Britain’s employers are reporting improved recruitment plans for the first time in three years, offering a “glimmer of hope” to jobseekers in the run-up to Christmas, according to a survey out today. But employers are hiring older, experienced workers rather than young unemployed people, adding to fears for a “lost generation”.
In a survey of 2,100 UK employers, the recruitment specialist Manpower found that 80% of employers anticipated no change in headcount over the next three months, while 9% intended to actively increase numbers. This pushed the UK’s net employment outlook up to -2 for the fourth quarter of 2009, from -6 for the third quarter. The figures measure the balance of employers’ hiring intentions over their plans to fire people.
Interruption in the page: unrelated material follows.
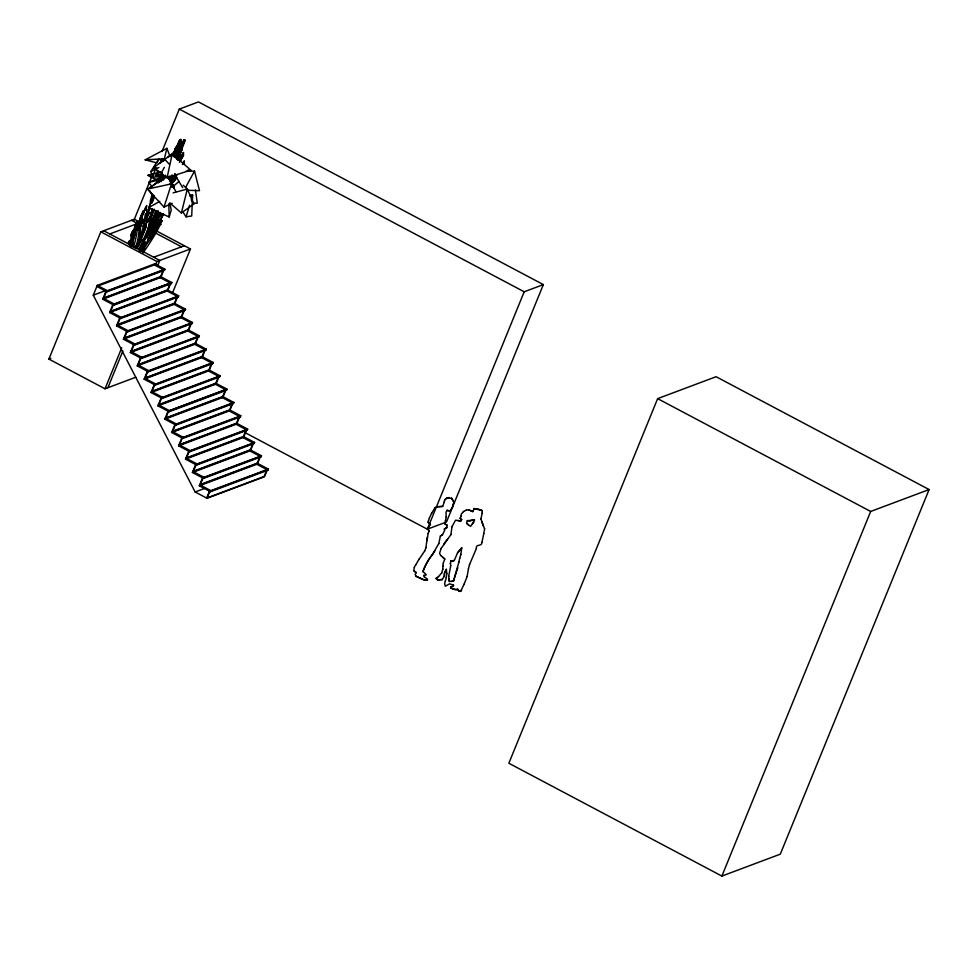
<?xml version="1.0" encoding="UTF-8"?>
<svg xmlns="http://www.w3.org/2000/svg" width="978" height="978" viewBox="0 0 978 978"><rect width="100%" height="100%" fill="white"/><g stroke="black" fill="none" stroke-linecap="round" stroke-linejoin="round"><path stroke-width="1.47" d="M176.627 147.336L178.179 144.756L178.167 145.905M176.908 157.421L178.546 151.639L180.074 150.673L177.715 158.375M442.789 569.257L442.936 565.871M150.184 205.356L150.392 200.417L152.47 193.595M444.318 576.225L444.44 573.34L446.298 569.404M144.035 227.165L144.169 224.524M149.964 236.554L150.649 233.681L160.38 219.989L160.233 222.752L158.534 224.891M461.078 516.274L461.237 514.245L463.535 511.482M427.068 540.663L428.156 533.34M427.337 536.971L425.956 547.692M159.61 215.136L159.756 212.923L155.649 219.145L153.522 220.722L151.945 226.872L154.451 224.549L160.685 213.559L151.945 226.872M145.856 226.896L146.138 223.986M153.962 223.375L150.086 234.586L147.336 235.405L156.199 211.089M150.086 234.586L150.331 232.153M450.724 565.651L448.67 576.421M151.773 199.536L152.091 196.676M149.292 227.214L151.847 208.962M148.68 214.561L146.272 215.71L146.737 212.018M444.318 501.812L442.679 506.408L436.591 506.861M450.956 534.587L451.995 526.629M446.286 577.448L446.836 573.524M442.875 566.005L443.34 562.925M460.785 554.587L461.775 547.778L457.582 552.766L454.342 560.321L452.765 561.409L451.09 560.663L452.826 561.274L454.403 560.186M413.816 570.639L416.09 572.631L413.816 570.639L414.366 567.191M145.392 213.73L144.059 222.299L145.685 220.026L148.937 208.192M174.487 157.446L177.287 146.749L175.869 147.397L173.363 154.61M159.072 181.957L159.573 178.95L157.617 181.113L157.935 182.165L159.573 178.95M467.142 576.445L468.474 568.67M129.842 244.61L130.343 241.749M444.917 523.878L446.824 525.076L444.917 523.878L445.479 520.846M483.743 533.695L484.636 528.743M131.773 244.781L134.536 229.17L136.309 222.581L137.543 221.615L131.932 246.419M451.799 581.58L453.523 580.834L458.865 562.154M177.409 156.773L181.541 142.018L182.421 141.504L178.057 158.485M130.514 246.419L133.448 230.93L136.309 222.581M445.418 520.981L446.237 516.873M476.396 548.499C475.357 543.475 481.983 547.069 482.007 542.215M131.48 247.532L137.543 221.615M444.256 501.946L444.697 499.966L446.53 498.193L449.085 497.521M481.958 542.35L483.792 533.56M145.746 208.791L144.108 211.346L146.737 205.527L145.746 208.791L147.287 212.36L145.685 220.026L148.277 221.431L151.431 212.593L147.898 213.436L146.272 215.71M438.767 543.646L440.381 536.042L442.557 534.636M167.067 177.8L172.25 153.79L190.747 170.099L167.067 177.8L153.693 167.641L172.25 153.79M174.683 180.001L176.578 175.49L175.893 178.656L173.558 181.969L170.123 183.913L172.299 182.862L175.893 178.656M480.883 519.073L482.227 513.071M458.816 562.289L459.733 558.218M153.57 209.365L145.441 238.216L139.768 241.627L146.101 223.436M137.922 229.402L140.624 217.299L143.644 210.551L144.169 211.59C138.326 222.422 142.189 235.013 137.702 246.248M174.267 156.248L175.612 150.331L173.326 152.654L172.47 155.575M175.196 157.397L177.8 147.275M416.151 572.497L415.161 574.367L416.029 576.25L423.315 579.697L427.349 580.052L427.569 579.221L424.611 577.13M152.287 208.84L147.336 233.082L140.587 251.175M129.438 245.258L130.649 240.16L128.448 242.397L130.649 240.16M142.226 249.28C149.817 240.808 156.847 230.918 161.321 220.576L162.018 220.735C157.201 232.018 150.05 242.837 142.959 253.033M150.808 238.204L151.492 235.319L155.979 228.106M169.133 164.108L164.353 158.803L166.896 148.326L145.196 159.817L156.981 162.935M173.461 155.123L174.463 151.003M169.854 202.972L181.382 212.959L187.336 189.011L183.204 185.209M445.418 580.932L444.611 583.805L445.345 586.225L449.452 583.866L452.166 584.624L453.56 585.137L453.205 586.445L451.078 586.69L450.638 587.912L456.237 590.027C458.89 587.485 458.046 592.68 460.662 591.274L461.702 590.223M445.357 581.066L446.335 577.313M128.411 243.901L129.157 241.016M154.451 224.549L156.04 218.4L160.184 212.446M149.218 225.637L149.94 222.874M468.413 568.805L469.562 564.477M136.627 248.669C139.903 238.84 142.69 228.925 145.465 219.048M173.497 154.903L175.563 148.803L177.14 147.727L175.001 155.808M173.778 155.539L175.563 148.803M174.365 156.517L177.14 147.727M149.768 207.972L144.426 230.894L137.323 248.595M176.297 158.13L181.529 141.871L182.421 141.504M452.447 507.227L453.327 504.025M450.381 563.316L451.151 560.528M428.926 526.103L430.381 524.184L428.107 522.191L428.535 520.687M173.742 154.646L175.612 150.331M468.169 524.868L466.579 523.169L467.301 520.663L474.526 520.027L472.301 523.805M155.27 219.048L157.959 210.6M168.901 179.121L169.695 176.333M154.695 218.938L156.786 211.615M135.074 248.363C140.441 236.615 137.629 222.874 144.169 211.59M174.732 154.402L177.287 146.749M441.677 573.035L442.838 569.123M459.672 558.352L460.846 554.44M154.316 195.808L148.46 207.752L169.182 216.969L171.223 210.087L169.915 203.253M133.375 247.226C137.739 235.246 136.786 221.713 143.644 210.551M174.817 156.993L178.351 148.375L181.028 139.732L180.453 139.475L174.903 155.636M189.695 195.135L192.629 195.172L191.7 215.979L186.064 216.847L189.573 205.282M191.321 199.5L192.629 195.172L189.854 195.918M176.468 150.245L178.179 144.756M176.578 157.984L178.546 151.639M453.279 504.159L453.926 502.093L451.53 498.169L446.481 498.328L444.697 499.966M151.773 203.228L153.949 196.309M152.568 201.627L154.316 196.089M428.486 520.822L429.379 518.034M441.139 548.389L439.574 553.267L440.638 555.516M161.223 181.602L163.008 176.077L161.92 175.783L158.35 182.91M180.453 139.475L179.011 140.746L174.341 153.583M166.382 177.006L147.348 189.096L164.011 207.067L171.505 183.852L167.654 176.199L174.035 187.837M164.512 175.893L152.654 177.262L155.355 168.974M157.592 162.067L158.497 159.304L164.121 160.661M147.287 212.36L144.059 222.299L145.832 217.018M173.289 155.319L175.869 147.397M177.373 158.962L180.074 150.673M453.474 580.969L457.814 567.766M147.482 232.666L148.839 228.571M181.028 139.732L179.573 141.003L173.607 156.541M145.588 241.847L142.152 251.603M146.945 237.788L148.314 233.73L146.602 237.666M174.866 151.431L176.639 146.174M183.962 161.835L184.219 161.089L184.414 163.571L183.962 161.835L182.556 164.475M181.529 141.871L180.637 142.385L175.698 157.311L176.48 152.935L175.013 154.243M174.585 155.795L176.052 151.614M172.409 176.957L170.527 182.299L173.192 176.077M147.617 220.307L146.712 222.837L148.277 221.431M450.638 587.912L451.078 586.69M159.548 182.14L161.92 175.783M168.778 179.133L169.842 176.272M178.754 157.299L185.16 140.343L184.035 139.866L175.991 158.057M152.434 234.243L155.001 227.422L159.108 223.033L163.546 213.925M443.279 563.059L444.794 559.049L442.936 557.411M174.879 157.165L176.48 152.935M177.531 157.14L178.852 153.68M138.937 245.123L141.553 238.375M170.453 179.121L172.104 174.866M424.66 551.042L426.017 547.558M160.624 181.064L163.008 176.077M163.302 214.158L159.842 220.698L154.732 226.028L151.015 235.527L147.531 240.026M464.037 584.343L467.203 576.311M179.292 152.519L184.035 139.866M160.38 219.989L157.69 224.952M464.098 584.208L460.662 591.274M164.231 178.95L165.71 175.294M137.617 229.158L142.177 218.938L143.155 219.475L139.169 229.317L137.617 229.158L142.177 218.938M138.583 229.696L143.155 219.475M135.746 377.264L105.013 388.792L48.9 359.073L100.832 231.81L134.365 219.231L144.891 224.806M207.043 498.291L209.854 491.396L267.324 469.831L264.512 476.726L207.043 498.291L195.135 491.983L93.277 295.185L97.287 285.38L154.756 263.815L164.891 269.194L164.463 270.258L106.993 291.811L96.846 286.432L154.316 264.879L154.756 263.815M133.742 220.735L151.627 176.932M162.006 151.492L179.304 109.108L198.461 101.92L543.352 284.598L446.481 521.995L427.325 529.184L245.441 432.838M171.798 282.52L114.328 304.072L103.167 298.168L160.636 276.615L171.798 282.52L171.358 283.583L113.888 305.136L102.727 299.219L105.979 291.273L164.891 269.194M106.993 291.811L107.421 290.747L97.287 285.38M129.499 243.326L131.798 237.678M135.27 229.194L137.568 223.534L109.793 233.95M109.634 312.557L112.873 304.598L170.343 283.045L167.104 290.992L109.622 312.557L120.795 318.461L178.265 296.909L178.693 295.845L167.531 289.94L110.062 311.493L121.223 317.398L178.693 295.845M113.888 305.136L114.328 304.072M139.072 249.378L155.783 211.224M155.404 216.627L157.067 212.556M127.69 331.786L128.118 330.735L116.957 324.818L174.439 303.266L185.588 309.17L185.16 310.234L127.69 331.786L116.529 325.882L119.768 317.923M120.795 318.461L121.223 317.398M134.585 345.112L135.013 344.06L123.864 338.144L181.333 316.591L192.495 322.495L192.055 323.559L134.585 345.112L123.424 339.207L126.675 331.249L185.588 309.17M105.013 388.792L121.737 347.789M155.795 264.353L156.945 261.529L190.465 248.95L155.416 230.392M107.886 387.716L122.886 350.943M157.507 266.102L159.817 260.454L103.705 230.735M102.727 299.219L160.209 277.666L163.448 269.708M141.48 358.449L141.92 357.386L130.759 351.469L188.228 329.916L199.39 335.833L198.95 336.884L141.48 358.449L130.318 352.532L133.57 344.574L192.495 322.495M148.387 371.774L148.815 370.711L137.653 364.806L195.123 343.241L206.285 349.158L205.857 350.21L148.387 371.774L137.226 365.858L140.465 357.899L199.39 335.833M172.58 292.789L190.465 248.95M116.529 325.882L173.998 304.329L177.238 296.371M155.282 385.1L155.71 384.036L144.548 378.131L202.03 356.567L213.18 362.483L212.752 363.547L155.282 385.1L144.121 379.183L147.36 371.237L206.285 349.158M123.424 339.207L180.893 317.654L184.145 309.696M162.177 398.425L162.617 397.361L151.456 391.457L208.925 369.904L220.087 375.809L219.647 376.872L162.177 398.425L151.015 392.508L154.267 384.562L213.18 362.483M130.318 352.532L187.8 330.98L191.04 323.021M169.072 411.75L169.512 410.687L158.35 404.782L215.82 383.229L226.982 389.134L226.541 390.198L169.072 411.75L157.91 405.846L161.162 397.887L220.087 375.809M137.226 365.858L194.695 344.305L197.935 336.346M164.817 419.171L168.057 411.212L225.527 389.66L222.287 397.618L164.817 419.171L175.979 425.075L233.449 403.523L233.876 402.459L222.715 396.555L165.245 418.107L176.407 424.024L175.979 425.075M144.121 379.183L201.59 357.63L204.83 349.672M182.874 438.401L183.302 437.349L172.152 431.432L229.622 409.88L240.771 415.784L240.343 416.848L182.874 438.401L171.712 432.496L174.952 424.538L233.876 402.459M151.015 392.508L208.485 370.955L211.737 362.997M189.769 451.738L190.209 450.675L179.047 444.758L236.517 423.205L247.678 429.122L247.238 430.173L189.769 451.738L178.607 445.821L181.859 437.863L240.771 415.784M157.91 405.846L215.392 384.281L218.632 376.334M196.664 465.063L197.104 464L185.942 458.095L243.412 436.53L254.573 442.447L254.133 443.499L196.664 465.063L185.502 459.147L188.754 451.188L247.678 429.122M203.571 478.389L203.999 477.325L192.837 471.42L250.307 449.856L261.468 455.772L261.04 456.836L203.571 478.389L192.409 472.472L195.649 464.526L254.573 442.447M171.712 432.496L229.182 410.943L232.422 402.985M210.466 491.714L210.893 490.65L199.744 484.746L257.214 463.193L268.363 469.098L267.935 470.161L210.466 491.714L199.304 485.797L202.544 477.851L261.468 455.772M178.607 445.821L236.077 424.269L239.329 416.31M185.502 459.147L242.984 437.594L246.224 429.635M192.409 472.472L249.879 450.919L253.119 442.961M199.304 485.797L256.774 464.244L260.014 456.286M268.363 469.098L209.451 491.176L206.639 498.071L264.109 476.518L266.921 469.623M427.325 529.184L524.196 291.786L543.352 284.598M427.765 528.964L429.122 530.981L427.765 528.964L430.43 524.049L428.107 522.191M428.107 533.475L429.183 530.846M469.085 510.088L472.839 511.616L474.085 508.56L478.108 508.976L482.093 510.54L482.166 513.206M657.644 398.633L508.853 763.243L721.874 876.08L780.297 854.161L929.1 489.55L716.079 376.713L657.644 398.633L870.677 511.457L929.1 489.55M721.874 876.08L870.677 511.457M168.656 179.451L169.769 176.737M147.336 235.405L156.859 211.37M442.679 506.408L436.64 506.726L434.892 507.985M416.029 576.25L423.364 579.563L427.349 580.052M451.53 498.169L453.926 502.093M451.188 509.428L450.124 510.822L446.897 510.418L450.063 510.956L452.508 507.093M434.831 550.871L432.533 554.392A61.956 59.022 22.5 0 0 422.985 571.592L422.924 571.727A61.956 59.022 22.5 0 1 432.472 554.526L438.816 543.511M440.381 536.042L442.508 534.77L444.721 530.235L444.305 529.11L446.946 527.472L444.305 529.11M460.1 518.23L461.592 519.709L460.1 518.23L461.139 516.139M437.362 577.582L436.041 578.548L438.523 576.531M444.794 559.049L440.687 555.382M457.875 520.369L460.699 521.14L455.54 520.198L451.934 526.763M437.569 579.93L442.239 579.514L437.569 579.93L436.09 578.414M467.301 520.663L469.966 521.078L472.826 519.783L474.526 520.027M466.579 523.169L470.491 526.409L473.914 522.13M472.839 511.616L469.147 509.954L466.469 510.015M474.085 508.56L482.093 510.54M453.523 580.834L449.415 581.543L448.841 579.037M453.56 585.137L452.105 584.758M184.952 140.209L176.847 159.39M135.673 247.605L137.165 244.023L135.991 246.59M476.445 548.365L469.513 564.612M155.025 217.617L157.324 212.189M130.673 235.331L133.607 229.879L134.695 235.148L131.749 240.588L130.673 235.331L133.607 229.879M131.749 240.588L134.695 235.148M136.663 248.4L146.37 226.566M159.206 214.255L142.69 252.251M163.302 179.573L165.086 175.49M178.314 158.069L182.324 148.876L181.615 147.544L176.517 157.764M178.143 157.324L182.14 148.191M149.463 231.211L158.399 211.419M154.047 231.554L159.39 219.805L160.123 221.04L154.793 232.788L154.047 231.554L159.39 219.805M154.793 232.788L160.123 221.04M131.773 246.493L133.301 243.094M177.874 158.033L182.324 148.876M177.544 156.529L181.615 147.544M161.089 161.15L162.25 158.583M149.536 219.977L150.71 217.373M171.553 178.888L172.69 176.37M176.688 158.522L181.272 147.58M148.913 221.187L154.561 209.28M429.318 518.169L431.616 513.303M446.958 510.284L446.017 512.289L446.188 517.007M153.204 221.211L150.551 226.59L149.218 220.343M155.196 217.165L157.189 213.131M162.091 213.644L153.436 226.334M158.509 212.079L139.267 249.304M177.544 159.451L180.074 154.5L180.612 157.018L179.353 159.487M177.678 160.233L180.074 154.5M178.571 159.94L180.478 156.235M148.949 219.096L153.962 209.793M171.443 186.822L172.862 184.206M156.064 217.642L158.155 213.779M161.627 172.348L164.353 167.336M179.744 158.534L183.473 152.519L183.522 155.172L179.377 162.299M185.551 187.568L194.512 171.101L185.893 171.346M155.905 218.106L157.959 214.365M179.976 161.602L183.522 155.172M150.306 236.762L153.778 230.649M414.317 567.326L415.65 564.954M182.385 164.267L184.219 161.089M183.473 152.519L178.546 160.086M415.601 565.088L419.281 558.915M460.65 521.274L461.64 519.575M155.123 222.434L156.468 220.258L155.795 219.72M431.555 513.438L434.953 507.851M441.078 548.524L451.017 534.453M152.654 177.262L150.857 171.505L158.497 159.304M442.178 579.648L444.367 576.091L444.501 573.206L446.359 569.269L446.787 573.658M419.232 559.049L424.709 550.907M149.047 235.869L150.783 233.363M156.468 228.51L162.018 220.735M444 543.792L447.606 539.037M161.321 220.576L148.534 238.656M176.578 175.49L173.497 178.069L170.001 176.81L173.729 178.387L175.368 176.835M457.533 552.9L461.726 547.912M438.474 576.665L441.726 572.9M159.842 220.698L152.568 227.507L154.732 226.028M153.522 220.722L156.04 218.4M150.123 188.241L159.096 180.086L163.35 179.94M175.27 155.746L176.725 154.438M162.336 177.067L155.429 175.465L160.001 171.566M172.165 187.25L179.084 181.419M135.808 223.4L137.042 222.434M159.536 163.473L165.343 159.145M167.666 157.409L171.15 154.805M181.382 212.959L193.84 203.986L187.336 189.011L173.13 192.886M174.573 150.857L176.15 149.793M178.534 152.336L180.062 151.37M139.084 250.771L140.526 250.148L139.438 250.82M173.326 152.654L174.475 151.981M148.46 207.752L159.793 201.37M463.474 511.616L466.518 509.88M150.857 171.505L158.962 167.446M164.011 207.067L172.214 203.277M175.099 148.986L176.517 148.338M152.165 186.969L148.79 182.324L164.756 175.661M180.637 142.385L181.541 142.018M153.729 257.226L184.377 245.722M93.277 295.185L105.893 290.454M48.9 359.073L50.819 358.351M168.057 411.212L226.982 389.134M195.135 491.983L204.952 488.303M457.985 589.306L453.266 589.306L450.687 587.778M156.003 179.634L147.935 175.429L152.262 174.096M147.935 175.429L157.702 172.568L163.179 179.329M148.79 182.324L160.588 179.695M147.348 189.096L171.505 183.852L175.967 191.664M155.429 175.465L162.641 174.304M145.196 159.817L164.353 158.803M187.764 170.135L190.747 170.099M168.314 178.143L177.311 178.192M192.715 203.082L197.275 203.192L195.441 190.013M186.957 190.209L199.5 190.71L194.512 171.101M151.786 210.404L153.656 210.49M153.693 167.641L156.651 167.971M160.416 224.427L161.101 224.573M161.211 176.505L162.287 176.798M147.727 213.412L149.023 213.779M156.7 170.832L162.324 172.959M170.771 176.138L176.407 178.253L175.196 173.839M184.243 139.988L185.16 140.343M179.304 109.108L524.196 291.786M131.492 220.307L144.646 227.287M155.184 232.862L181.505 246.811M100.832 231.81L156.945 261.529M154.316 264.879L164.463 270.258M160.196 277.666L171.358 283.583M167.104 290.992L178.265 296.909M173.998 304.317L185.16 310.234M180.893 317.654L192.055 323.559M187.788 330.98L198.95 336.884M194.695 344.305L205.857 350.21M201.59 357.63L212.752 363.547M208.485 370.955L219.647 376.872M215.38 384.281L226.541 390.198M222.287 397.606L233.449 403.523M229.182 410.943L240.343 416.848M236.077 424.269L247.238 430.173M242.972 437.594L254.133 443.499M249.879 450.919L261.04 456.836M256.774 464.244L267.935 470.161M141.59 219.316L142.568 219.854M138.204 228.779L139.169 229.317M145.111 208.082L147.042 209.561M156.541 216.554L157.213 217.079M422.985 571.592C431.09 578.328 420.711 572.387 424.55 577.264M181.456 148.253L181.981 148.9M172.165 184.732L173.95 186.932M191.382 200.221L193.84 203.986M182.776 211.7L186.064 216.847M174.475 174.17L182.678 187.642M158.118 222.361L158.864 223.607M155.319 228.986L156.064 230.233M457.936 589.441L459.024 591.348M171.517 184.316L173.644 188.082M149.695 190.563L151.786 194.475M150.649 233.681L151.492 235.319M143.497 210.796L144.023 211.835M481.592 521.262L484.587 528.878M483.474 526.017L480.931 518.939M173.253 184.854L174.39 187.568M166.896 148.326L170.05 156.517M449.415 581.543L448.731 576.286M180.221 155.282L180.612 157.018M132.262 231.59L133.338 236.859M132.018 233.608L133.106 238.876M450.442 563.181L450.675 565.785M168.803 203.754L169.182 216.969M446.885 524.941L446.885 527.607M182.788 153.778L182.837 156.431M153.497 195.172L153.522 199.329M173.253 177.91L171.37 183.241L174.976 174.353L173.253 177.91M106.382 291.481L103.57 298.376L161.04 276.823L163.852 269.928L106.382 291.481M113.289 304.818L110.465 311.713L167.935 290.148L170.759 283.253L113.289 304.818M120.184 318.143L117.372 325.038L174.842 303.473L177.654 296.578L120.184 318.143M127.079 331.469L124.267 338.364L181.737 316.811L184.549 309.916L127.079 331.469M133.974 344.794L131.162 351.689L188.632 330.136L191.443 323.241L133.974 344.794M140.881 358.119L138.057 365.014L195.527 343.461L198.351 336.566L140.881 358.119M147.776 371.444L144.964 378.339L202.434 356.787L205.246 349.892L147.776 371.444M154.671 384.77L151.859 391.665L209.329 370.112L212.14 363.217L154.671 384.77M161.566 398.107L158.754 405.002L216.224 383.437L219.035 376.542L161.566 398.107M168.473 411.432L165.649 418.327L223.131 396.762L225.942 389.867L168.473 411.432M175.368 424.758L172.556 431.653L230.026 410.1L232.837 403.205L175.368 424.758M182.263 438.083L179.451 444.978L236.921 423.425L239.732 416.53L182.263 438.083M189.157 451.408L186.346 458.303L243.815 436.75L246.627 429.855L189.157 451.408M196.065 464.733L193.253 471.628L250.723 450.076L253.534 443.181L196.065 464.733M202.959 478.071L200.148 484.954L257.617 463.401L260.429 456.506L202.959 478.071M178.864 156.297L179.316 157.482L178.864 156.297"/></g></svg>

Mark Cahill, managing director at Manpower UK, said: “There are a number of early positive hiring indicators emerging, from employers in sectors including finance and business services, public and social, and construction, which suggest we may have reached a turning point.”
Manpower said that the UK had similar hiring intentions to France and Germany, despite both countries recently declaring an official end to their recessions. It added that Japan, on the other hand, had a much worse employment outlook than the UK even though its recession has been declared over.
“France, Germany and Japan have already declared themselves officially out of recession. If the UK is to mirror this recovery and retain its position within the global business arena, it is essential that temporary labour, which will provide both job creation and business growth, be embraced by employers,” added Cahill.
Ireland and Spain had the worst employment outlooks with a balance of -8. The most positive was India with a net outlook of 25 and Brazil with 21. The US’s outlook for the final three months of the year was -3, down from -2 for the third quarter.